President Joe Biden will meet with Cuban-American leaders Friday to discuss new sanctions on the Cuban regime, CNN reported.
Demonstrations protesting Cuba's socialist government began July 11 amid a shortage of food, medical supplies, and power cuts intensified by the COVID-19 pandemic and U.S. sanctions.
Thousands of protesters gathered in front of the White House on Sunday night to demand that the Biden administration do more to support the pro-democracy protesters in Cuba.
CNN reported Biden will meet at the White House with Felice Gorordo, CEO of eMerge Americas and co-founder of Roots of Hope; Yotuel Romero, the lead singer of Cuban hip-hop group Orishas and the author of Patria y Vida, the song that has become an anthem for the protesters; Ana Sofia Pelaez, founder of the Miami Freedom Project; and former Miami Mayor Manny Diaz.
The president also is expected to discuss efforts to establish internet access in Cuba, a White House official told CNN. Biden has said administration officials were working with civil society organizations and the private sector "to provide internet access to the Cuban people that circumvents the regime's censorship efforts."
Democrats have lost support among Cuban-Americans in Florida after former President Donald Trump took a tougher stance against the communist regime. Nearly half of the state's Hispanics voted for Trump in 2020, a nearly 10-point increase from four years earlier.
South Florida Democrats have urged party leaders to embrace the protests against Cuba's communist regime, CNN said.

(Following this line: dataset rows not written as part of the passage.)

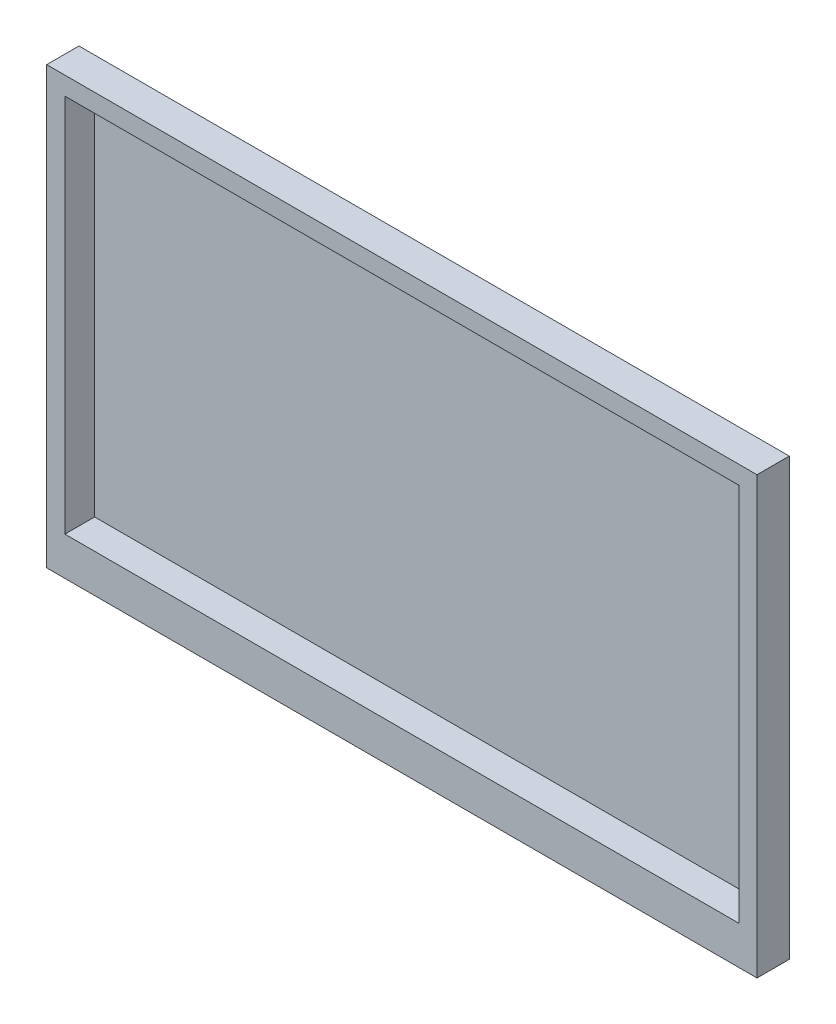
ISO-10303-21;
HEADER;
FILE_DESCRIPTION(('STEP AP214'),'2;1');
FILE_NAME('part.step','',(''),(''),'','','');
FILE_SCHEMA(('AUTOMOTIVE_DESIGN { 1 0 10303 214 1 1 1 1 }'));
ENDSEC;
DATA;
#1=APPLICATION_CONTEXT('core data for automotive mechanical design processes');
#2=APPLICATION_PROTOCOL_DEFINITION('international standard','automotive_design',2000,#1);
#3=PRODUCT_CONTEXT('',#1,'mechanical');
#4=PRODUCT('Part','Part','',(#3));
#5=PRODUCT_RELATED_PRODUCT_CATEGORY('part','',(#4));
#6=PRODUCT_DEFINITION_FORMATION('','',#4);
#7=PRODUCT_DEFINITION_CONTEXT('part definition',#1,'design');
#8=PRODUCT_DEFINITION('design','',#6,#7);
#9=PRODUCT_DEFINITION_SHAPE('','',#8);
#10=(LENGTH_UNIT() NAMED_UNIT(*) SI_UNIT(.MILLI.,.METRE.));
#11=(NAMED_UNIT(*) PLANE_ANGLE_UNIT() SI_UNIT($,.RADIAN.));
#12=(NAMED_UNIT(*) SI_UNIT($,.STERADIAN.) SOLID_ANGLE_UNIT());
#13=UNCERTAINTY_MEASURE_WITH_UNIT(LENGTH_MEASURE(1.E-05),#10,'distance_accuracy_value','');
#14=(GEOMETRIC_REPRESENTATION_CONTEXT(3) GLOBAL_UNCERTAINTY_ASSIGNED_CONTEXT((#13)) GLOBAL_UNIT_ASSIGNED_CONTEXT((#10,
#11,#12)) REPRESENTATION_CONTEXT('',''));
#15=CARTESIAN_POINT('',(0.,0.,0.));
#16=DIRECTION('',(0.,0.,1.));
#17=DIRECTION('',(1.,0.,0.));
#18=AXIS2_PLACEMENT_3D('',#15,#16,#17);
#19=CARTESIAN_POINT('',(279.4,-171.45,-25.4));
#20=DIRECTION('',(1.,0.,0.));
#21=DIRECTION('',(0.,0.,-1.));
#22=AXIS2_PLACEMENT_3D('',#19,#20,#21);
#23=PLANE('',#22);
#24=DIRECTION('',(0.,1.,0.));
#25=VECTOR('',#24,1.);
#26=CARTESIAN_POINT('',(279.4,-171.45,0.));
#27=LINE('',#26,#25);
#28=CARTESIAN_POINT('',(279.4,-171.45,0.));
#29=VERTEX_POINT('',#28);
#30=CARTESIAN_POINT('',(279.4,171.45,0.));
#31=VERTEX_POINT('',#30);
#32=EDGE_CURVE('E175',#29,#31,#27,.T.);
#33=ORIENTED_EDGE('',*,*,#32,.F.);
#34=DIRECTION('',(0.,0.,1.));
#35=VECTOR('',#34,1.);
#36=CARTESIAN_POINT('',(279.4,-171.45,-25.4));
#37=LINE('',#36,#35);
#38=CARTESIAN_POINT('',(279.4,-171.45,-25.4));
#39=VERTEX_POINT('',#38);
#40=EDGE_CURVE('E11',#39,#29,#37,.T.);
#41=ORIENTED_EDGE('',*,*,#40,.F.);
#42=DIRECTION('',(0.,1.,0.));
#43=VECTOR('',#42,1.);
#44=CARTESIAN_POINT('',(279.4,-171.45,-25.4));
#45=LINE('',#44,#43);
#46=CARTESIAN_POINT('',(279.4,171.45,-25.4));
#47=VERTEX_POINT('',#46);
#48=EDGE_CURVE('E181',#39,#47,#45,.T.);
#49=ORIENTED_EDGE('',*,*,#48,.T.);
#50=DIRECTION('',(0.,0.,1.));
#51=VECTOR('',#50,1.);
#52=CARTESIAN_POINT('',(279.4,171.45,-25.4));
#53=LINE('',#52,#51);
#54=EDGE_CURVE('E37',#47,#31,#53,.T.);
#55=ORIENTED_EDGE('',*,*,#54,.T.);
#56=EDGE_LOOP('',(#33,#41,#49,#55));
#57=FACE_BOUND('',#56,.T.);
#58=ADVANCED_FACE('F34',(#57),#23,.T.);
#59=CARTESIAN_POINT('',(-279.4,-171.45,-25.4));
#60=DIRECTION('',(0.,-1.,0.));
#61=DIRECTION('',(0.,0.,-1.));
#62=AXIS2_PLACEMENT_3D('',#59,#60,#61);
#63=PLANE('',#62);
#64=DIRECTION('',(1.,0.,0.));
#65=VECTOR('',#64,1.);
#66=CARTESIAN_POINT('',(-279.4,-171.45,0.));
#67=LINE('',#66,#65);
#68=CARTESIAN_POINT('',(-279.4,-171.45,0.));
#69=VERTEX_POINT('',#68);
#70=EDGE_CURVE('E185',#69,#29,#67,.T.);
#71=ORIENTED_EDGE('',*,*,#70,.F.);
#72=DIRECTION('',(0.,0.,1.));
#73=VECTOR('',#72,1.);
#74=CARTESIAN_POINT('',(-279.4,-171.45,-25.4));
#75=LINE('',#74,#73);
#76=CARTESIAN_POINT('',(-279.4,-171.45,-25.4));
#77=VERTEX_POINT('',#76);
#78=EDGE_CURVE('E42',#77,#69,#75,.T.);
#79=ORIENTED_EDGE('',*,*,#78,.F.);
#80=DIRECTION('',(1.,0.,0.));
#81=VECTOR('',#80,1.);
#82=CARTESIAN_POINT('',(-279.4,-171.45,-25.4));
#83=LINE('',#82,#81);
#84=EDGE_CURVE('E191',#77,#39,#83,.T.);
#85=ORIENTED_EDGE('',*,*,#84,.T.);
#86=ORIENTED_EDGE('',*,*,#40,.T.);
#87=EDGE_LOOP('',(#71,#79,#85,#86));
#88=FACE_BOUND('',#87,.T.);
#89=ADVANCED_FACE('F217',(#88),#63,.T.);
#90=CARTESIAN_POINT('',(-279.4,-171.45,-25.4));
#91=DIRECTION('',(-1.,0.,0.));
#92=DIRECTION('',(0.,0.,1.));
#93=AXIS2_PLACEMENT_3D('',#90,#91,#92);
#94=PLANE('',#93);
#95=DIRECTION('',(0.,-1.,0.));
#96=VECTOR('',#95,1.);
#97=CARTESIAN_POINT('',(-279.4,-171.45,0.));
#98=LINE('',#97,#96);
#99=CARTESIAN_POINT('',(-279.4,171.45,0.));
#100=VERTEX_POINT('',#99);
#101=EDGE_CURVE('E199',#100,#69,#98,.T.);
#102=ORIENTED_EDGE('',*,*,#101,.F.);
#103=DIRECTION('',(0.,0.,1.));
#104=VECTOR('',#103,1.);
#105=CARTESIAN_POINT('',(-279.4,171.45,-25.4));
#106=LINE('',#105,#104);
#107=CARTESIAN_POINT('',(-279.4,171.45,-25.4));
#108=VERTEX_POINT('',#107);
#109=EDGE_CURVE('E204',#108,#100,#106,.T.);
#110=ORIENTED_EDGE('',*,*,#109,.F.);
#111=DIRECTION('',(0.,-1.,0.));
#112=VECTOR('',#111,1.);
#113=CARTESIAN_POINT('',(-279.4,-171.45,-25.4));
#114=LINE('',#113,#112);
#115=EDGE_CURVE('E188',#108,#77,#114,.T.);
#116=ORIENTED_EDGE('',*,*,#115,.T.);
#117=ORIENTED_EDGE('',*,*,#78,.T.);
#118=EDGE_LOOP('',(#102,#110,#116,#117));
#119=FACE_BOUND('',#118,.T.);
#120=ADVANCED_FACE('F223',(#119),#94,.T.);
#121=CARTESIAN_POINT('',(-279.4,171.45,-25.4));
#122=DIRECTION('',(0.,1.,0.));
#123=DIRECTION('',(0.,0.,1.));
#124=AXIS2_PLACEMENT_3D('',#121,#122,#123);
#125=PLANE('',#124);
#126=DIRECTION('',(-1.,0.,0.));
#127=VECTOR('',#126,1.);
#128=CARTESIAN_POINT('',(-279.4,171.45,0.));
#129=LINE('',#128,#127);
#130=EDGE_CURVE('E196',#31,#100,#129,.T.);
#131=ORIENTED_EDGE('',*,*,#130,.F.);
#132=ORIENTED_EDGE('',*,*,#54,.F.);
#133=DIRECTION('',(-1.,0.,0.));
#134=VECTOR('',#133,1.);
#135=CARTESIAN_POINT('',(-279.4,171.45,-25.4));
#136=LINE('',#135,#134);
#137=EDGE_CURVE('E184',#47,#108,#136,.T.);
#138=ORIENTED_EDGE('',*,*,#137,.T.);
#139=ORIENTED_EDGE('',*,*,#109,.T.);
#140=EDGE_LOOP('',(#131,#132,#138,#139));
#141=FACE_BOUND('',#140,.T.);
#142=ADVANCED_FACE('F212',(#141),#125,.T.);
#143=CARTESIAN_POINT('',(0.,0.,-25.4));
#144=DIRECTION('',(0.,0.,-1.));
#145=DIRECTION('',(-1.,0.,0.));
#146=AXIS2_PLACEMENT_3D('',#143,#144,#145);
#147=PLANE('',#146);
#148=DIRECTION('',(0.,1.,0.));
#149=VECTOR('',#148,1.);
#150=CARTESIAN_POINT('',(-50.,-50.,-25.4));
#151=LINE('',#150,#149);
#152=CARTESIAN_POINT('',(-50.,-50.,-25.4));
#153=VERTEX_POINT('',#152);
#154=CARTESIAN_POINT('',(-50.,50.,-25.4));
#155=VERTEX_POINT('',#154);
#156=EDGE_CURVE('E50',#153,#155,#151,.T.);
#157=ORIENTED_EDGE('',*,*,#156,.F.);
#158=DIRECTION('',(-1.,0.,0.));
#159=VECTOR('',#158,1.);
#160=CARTESIAN_POINT('',(50.,-50.,-25.4));
#161=LINE('',#160,#159);
#162=CARTESIAN_POINT('',(50.,-50.,-25.4));
#163=VERTEX_POINT('',#162);
#164=EDGE_CURVE('E54',#163,#153,#161,.T.);
#165=ORIENTED_EDGE('',*,*,#164,.F.);
#166=DIRECTION('',(0.,-1.,0.));
#167=VECTOR('',#166,1.);
#168=CARTESIAN_POINT('',(50.,-50.,-25.4));
#169=LINE('',#168,#167);
#170=CARTESIAN_POINT('',(50.,50.,-25.4));
#171=VERTEX_POINT('',#170);
#172=EDGE_CURVE('E368',#171,#163,#169,.T.);
#173=ORIENTED_EDGE('',*,*,#172,.F.);
#174=DIRECTION('',(1.,0.,0.));
#175=VECTOR('',#174,1.);
#176=CARTESIAN_POINT('',(50.,50.,-25.4));
#177=LINE('',#176,#175);
#178=EDGE_CURVE('E374',#155,#171,#177,.T.);
#179=ORIENTED_EDGE('',*,*,#178,.F.);
#180=EDGE_LOOP('',(#157,#165,#173,#179));
#181=FACE_BOUND('',#180,.T.);
#182=ORIENTED_EDGE('',*,*,#48,.F.);
#183=ORIENTED_EDGE('',*,*,#84,.F.);
#184=ORIENTED_EDGE('',*,*,#115,.F.);
#185=ORIENTED_EDGE('',*,*,#137,.F.);
#186=EDGE_LOOP('',(#182,#183,#184,#185));
#187=FACE_BOUND('',#186,.T.);
#188=ADVANCED_FACE('F220',(#181,#187),#147,.T.);
#189=CARTESIAN_POINT('',(0.,0.,0.));
#190=DIRECTION('',(0.,0.,-1.));
#191=DIRECTION('',(-1.,0.,0.));
#192=AXIS2_PLACEMENT_3D('',#189,#190,#191);
#193=PLANE('',#192);
#194=DIRECTION('',(-1.,0.,0.));
#195=VECTOR('',#194,1.);
#196=CARTESIAN_POINT('',(-265.1125,157.1625,0.));
#197=LINE('',#196,#195);
#198=CARTESIAN_POINT('',(265.1125,157.1625,0.));
#199=VERTEX_POINT('',#198);
#200=CARTESIAN_POINT('',(-265.1125,157.1625,0.));
#201=VERTEX_POINT('',#200);
#202=EDGE_CURVE('E163',#199,#201,#197,.T.);
#203=ORIENTED_EDGE('',*,*,#202,.F.);
#204=DIRECTION('',(0.,1.,0.));
#205=VECTOR('',#204,1.);
#206=CARTESIAN_POINT('',(265.1125,-141.2875,0.));
#207=LINE('',#206,#205);
#208=CARTESIAN_POINT('',(265.1125,-141.2875,0.));
#209=VERTEX_POINT('',#208);
#210=EDGE_CURVE('E160',#209,#199,#207,.T.);
#211=ORIENTED_EDGE('',*,*,#210,.F.);
#212=DIRECTION('',(1.,0.,0.));
#213=VECTOR('',#212,1.);
#214=CARTESIAN_POINT('',(-265.1125,-141.2875,0.));
#215=LINE('',#214,#213);
#216=CARTESIAN_POINT('',(-265.1125,-141.2875,0.));
#217=VERTEX_POINT('',#216);
#218=EDGE_CURVE('E169',#217,#209,#215,.T.);
#219=ORIENTED_EDGE('',*,*,#218,.F.);
#220=DIRECTION('',(0.,-1.,0.));
#221=VECTOR('',#220,1.);
#222=CARTESIAN_POINT('',(-265.1125,-141.2875,0.));
#223=LINE('',#222,#221);
#224=EDGE_CURVE('E166',#201,#217,#223,.T.);
#225=ORIENTED_EDGE('',*,*,#224,.F.);
#226=EDGE_LOOP('',(#203,#211,#219,#225));
#227=FACE_BOUND('',#226,.T.);
#228=ORIENTED_EDGE('',*,*,#32,.T.);
#229=ORIENTED_EDGE('',*,*,#130,.T.);
#230=ORIENTED_EDGE('',*,*,#101,.T.);
#231=ORIENTED_EDGE('',*,*,#70,.T.);
#232=EDGE_LOOP('',(#228,#229,#230,#231));
#233=FACE_BOUND('',#232,.T.);
#234=ADVANCED_FACE('F214',(#227,#233),#193,.F.);
#235=CARTESIAN_POINT('',(265.1125,-141.2875,-25.4));
#236=DIRECTION('',(1.,0.,0.));
#237=DIRECTION('',(0.,0.,-1.));
#238=AXIS2_PLACEMENT_3D('',#235,#236,#237);
#239=PLANE('',#238);
#240=DIRECTION('',(0.,0.,1.));
#241=VECTOR('',#240,1.);
#242=CARTESIAN_POINT('',(265.1125,157.1625,-25.4));
#243=LINE('',#242,#241);
#244=CARTESIAN_POINT('',(265.1125,157.1625,-23.4));
#245=VERTEX_POINT('',#244);
#246=EDGE_CURVE('E172',#245,#199,#243,.T.);
#247=ORIENTED_EDGE('',*,*,#246,.F.);
#248=DIRECTION('',(0.,-1.,0.));
#249=VECTOR('',#248,1.);
#250=CARTESIAN_POINT('',(265.1125,-141.2875,-23.4));
#251=LINE('',#250,#249);
#252=CARTESIAN_POINT('',(265.1125,-141.2875,-23.4));
#253=VERTEX_POINT('',#252);
#254=EDGE_CURVE('E154',#245,#253,#251,.T.);
#255=ORIENTED_EDGE('',*,*,#254,.T.);
#256=DIRECTION('',(0.,0.,1.));
#257=VECTOR('',#256,1.);
#258=CARTESIAN_POINT('',(265.1125,-141.2875,-25.4));
#259=LINE('',#258,#257);
#260=EDGE_CURVE('E173',#253,#209,#259,.T.);
#261=ORIENTED_EDGE('',*,*,#260,.T.);
#262=ORIENTED_EDGE('',*,*,#210,.T.);
#263=EDGE_LOOP('',(#247,#255,#261,#262));
#264=FACE_BOUND('',#263,.T.);
#265=ADVANCED_FACE('F259',(#264),#239,.F.);
#266=CARTESIAN_POINT('',(-265.1125,-141.2875,-25.4));
#267=DIRECTION('',(0.,-1.,0.));
#268=DIRECTION('',(0.,0.,-1.));
#269=AXIS2_PLACEMENT_3D('',#266,#267,#268);
#270=PLANE('',#269);
#271=ORIENTED_EDGE('',*,*,#260,.F.);
#272=DIRECTION('',(-1.,0.,0.));
#273=VECTOR('',#272,1.);
#274=CARTESIAN_POINT('',(-265.1125,-141.2875,-23.4));
#275=LINE('',#274,#273);
#276=CARTESIAN_POINT('',(-265.1125,-141.2875,-23.4));
#277=VERTEX_POINT('',#276);
#278=EDGE_CURVE('E157',#253,#277,#275,.T.);
#279=ORIENTED_EDGE('',*,*,#278,.T.);
#280=DIRECTION('',(0.,0.,1.));
#281=VECTOR('',#280,1.);
#282=CARTESIAN_POINT('',(-265.1125,-141.2875,-25.4));
#283=LINE('',#282,#281);
#284=EDGE_CURVE('E176',#277,#217,#283,.T.);
#285=ORIENTED_EDGE('',*,*,#284,.T.);
#286=ORIENTED_EDGE('',*,*,#218,.T.);
#287=EDGE_LOOP('',(#271,#279,#285,#286));
#288=FACE_BOUND('',#287,.T.);
#289=ADVANCED_FACE('F269',(#288),#270,.F.);
#290=CARTESIAN_POINT('',(-265.1125,-141.2875,-25.4));
#291=DIRECTION('',(-1.,0.,0.));
#292=DIRECTION('',(0.,0.,1.));
#293=AXIS2_PLACEMENT_3D('',#290,#291,#292);
#294=PLANE('',#293);
#295=ORIENTED_EDGE('',*,*,#284,.F.);
#296=DIRECTION('',(0.,1.,0.));
#297=VECTOR('',#296,1.);
#298=CARTESIAN_POINT('',(-265.1125,157.1625,-23.4));
#299=LINE('',#298,#297);
#300=CARTESIAN_POINT('',(-265.1125,157.1625,-23.4));
#301=VERTEX_POINT('',#300);
#302=EDGE_CURVE('E143',#277,#301,#299,.T.);
#303=ORIENTED_EDGE('',*,*,#302,.T.);
#304=DIRECTION('',(0.,0.,1.));
#305=VECTOR('',#304,1.);
#306=CARTESIAN_POINT('',(-265.1125,157.1625,-25.4));
#307=LINE('',#306,#305);
#308=EDGE_CURVE('E178',#301,#201,#307,.T.);
#309=ORIENTED_EDGE('',*,*,#308,.T.);
#310=ORIENTED_EDGE('',*,*,#224,.T.);
#311=EDGE_LOOP('',(#295,#303,#309,#310));
#312=FACE_BOUND('',#311,.T.);
#313=ADVANCED_FACE('F279',(#312),#294,.F.);
#314=CARTESIAN_POINT('',(-265.1125,157.1625,-25.4));
#315=DIRECTION('',(0.,1.,0.));
#316=DIRECTION('',(0.,0.,1.));
#317=AXIS2_PLACEMENT_3D('',#314,#315,#316);
#318=PLANE('',#317);
#319=ORIENTED_EDGE('',*,*,#308,.F.);
#320=DIRECTION('',(1.,0.,0.));
#321=VECTOR('',#320,1.);
#322=CARTESIAN_POINT('',(265.1125,157.1625,-23.4));
#323=LINE('',#322,#321);
#324=EDGE_CURVE('E146',#301,#245,#323,.T.);
#325=ORIENTED_EDGE('',*,*,#324,.T.);
#326=ORIENTED_EDGE('',*,*,#246,.T.);
#327=ORIENTED_EDGE('',*,*,#202,.T.);
#328=EDGE_LOOP('',(#319,#325,#326,#327));
#329=FACE_BOUND('',#328,.T.);
#330=ADVANCED_FACE('F289',(#329),#318,.F.);
#331=CARTESIAN_POINT('',(0.,0.,-23.4));
#332=DIRECTION('',(0.,0.,1.));
#333=DIRECTION('',(1.,0.,0.));
#334=AXIS2_PLACEMENT_3D('',#331,#332,#333);
#335=PLANE('',#334);
#336=ORIENTED_EDGE('',*,*,#302,.F.);
#337=ORIENTED_EDGE('',*,*,#278,.F.);
#338=ORIENTED_EDGE('',*,*,#254,.F.);
#339=ORIENTED_EDGE('',*,*,#324,.F.);
#340=EDGE_LOOP('',(#336,#337,#338,#339));
#341=FACE_BOUND('',#340,.T.);
#342=ADVANCED_FACE('F299',(#341),#335,.T.);
#343=CARTESIAN_POINT('',(-50.,-50.,-101.6));
#344=DIRECTION('',(1.,0.,0.));
#345=DIRECTION('',(0.,0.,-1.));
#346=AXIS2_PLACEMENT_3D('',#343,#344,#345);
#347=PLANE('',#346);
#348=ORIENTED_EDGE('',*,*,#156,.T.);
#349=DIRECTION('',(0.,0.,1.));
#350=VECTOR('',#349,1.);
#351=CARTESIAN_POINT('',(-50.,50.,-101.6));
#352=LINE('',#351,#350);
#353=CARTESIAN_POINT('',(-50.,50.,-101.6));
#354=VERTEX_POINT('',#353);
#355=EDGE_CURVE('E126',#354,#155,#352,.T.);
#356=ORIENTED_EDGE('',*,*,#355,.F.);
#357=DIRECTION('',(0.,1.,0.));
#358=VECTOR('',#357,1.);
#359=CARTESIAN_POINT('',(-50.,-50.,-101.6));
#360=LINE('',#359,#358);
#361=CARTESIAN_POINT('',(-50.,-50.,-101.6));
#362=VERTEX_POINT('',#361);
#363=EDGE_CURVE('E132',#362,#354,#360,.T.);
#364=ORIENTED_EDGE('',*,*,#363,.F.);
#365=DIRECTION('',(0.,0.,1.));
#366=VECTOR('',#365,1.);
#367=CARTESIAN_POINT('',(-50.,-50.,-101.6));
#368=LINE('',#367,#366);
#369=EDGE_CURVE('E366',#362,#153,#368,.T.);
#370=ORIENTED_EDGE('',*,*,#369,.T.);
#371=EDGE_LOOP('',(#348,#356,#364,#370));
#372=FACE_BOUND('',#371,.T.);
#373=ADVANCED_FACE('F142',(#372),#347,.F.);
#374=CARTESIAN_POINT('',(50.,50.,-101.6));
#375=DIRECTION('',(0.,-1.,0.));
#376=DIRECTION('',(0.,0.,-1.));
#377=AXIS2_PLACEMENT_3D('',#374,#375,#376);
#378=PLANE('',#377);
#379=ORIENTED_EDGE('',*,*,#178,.T.);
#380=DIRECTION('',(0.,0.,1.));
#381=VECTOR('',#380,1.);
#382=CARTESIAN_POINT('',(50.,50.,-101.6));
#383=LINE('',#382,#381);
#384=CARTESIAN_POINT('',(50.,50.,-101.6));
#385=VERTEX_POINT('',#384);
#386=EDGE_CURVE('E128',#385,#171,#383,.T.);
#387=ORIENTED_EDGE('',*,*,#386,.F.);
#388=DIRECTION('',(1.,0.,0.));
#389=VECTOR('',#388,1.);
#390=CARTESIAN_POINT('',(50.,50.,-101.6));
#391=LINE('',#390,#389);
#392=EDGE_CURVE('E121',#354,#385,#391,.T.);
#393=ORIENTED_EDGE('',*,*,#392,.F.);
#394=ORIENTED_EDGE('',*,*,#355,.T.);
#395=EDGE_LOOP('',(#379,#387,#393,#394));
#396=FACE_BOUND('',#395,.T.);
#397=ADVANCED_FACE('F124',(#396),#378,.F.);
#398=CARTESIAN_POINT('',(50.,-50.,-101.6));
#399=DIRECTION('',(-1.,0.,0.));
#400=DIRECTION('',(0.,0.,1.));
#401=AXIS2_PLACEMENT_3D('',#398,#399,#400);
#402=PLANE('',#401);
#403=ORIENTED_EDGE('',*,*,#172,.T.);
#404=DIRECTION('',(0.,0.,1.));
#405=VECTOR('',#404,1.);
#406=CARTESIAN_POINT('',(50.,-50.,-101.6));
#407=LINE('',#406,#405);
#408=CARTESIAN_POINT('',(50.,-50.,-101.6));
#409=VERTEX_POINT('',#408);
#410=EDGE_CURVE('E148',#409,#163,#407,.T.);
#411=ORIENTED_EDGE('',*,*,#410,.F.);
#412=DIRECTION('',(0.,-1.,0.));
#413=VECTOR('',#412,1.);
#414=CARTESIAN_POINT('',(50.,-50.,-101.6));
#415=LINE('',#414,#413);
#416=EDGE_CURVE('E131',#385,#409,#415,.T.);
#417=ORIENTED_EDGE('',*,*,#416,.F.);
#418=ORIENTED_EDGE('',*,*,#386,.T.);
#419=EDGE_LOOP('',(#403,#411,#417,#418));
#420=FACE_BOUND('',#419,.T.);
#421=ADVANCED_FACE('F334',(#420),#402,.F.);
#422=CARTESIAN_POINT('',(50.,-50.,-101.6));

After Cuban-American groups and members of Congress criticized the administration for not adopting a tough approach toward the Cuban government, the Biden administration last week sanctioned a key Cuban official and a government special forces unit (Boinas Negras) for human rights abuses in the wake of the protests.
Biden issued a statement condemning mass detentions and "sham trials" of protesters, and said the U.S. would "continue to sanction individuals responsible for oppression of the Cuban people."
Administration officials have been directed to examine remittances — the practice of Americans sending money to their Cuban relatives — to try and ensure the money goes to citizens and not to the Cuban government.
Then-candidate Biden said he would try to reverse Trump-era policies that "inflicted harm on Cubans and their families." But the administration's review of those policies remains ongoing.
Sources tell CNN the review unlikely will result in a return to the Obama-era policy of normalized relations with Havana.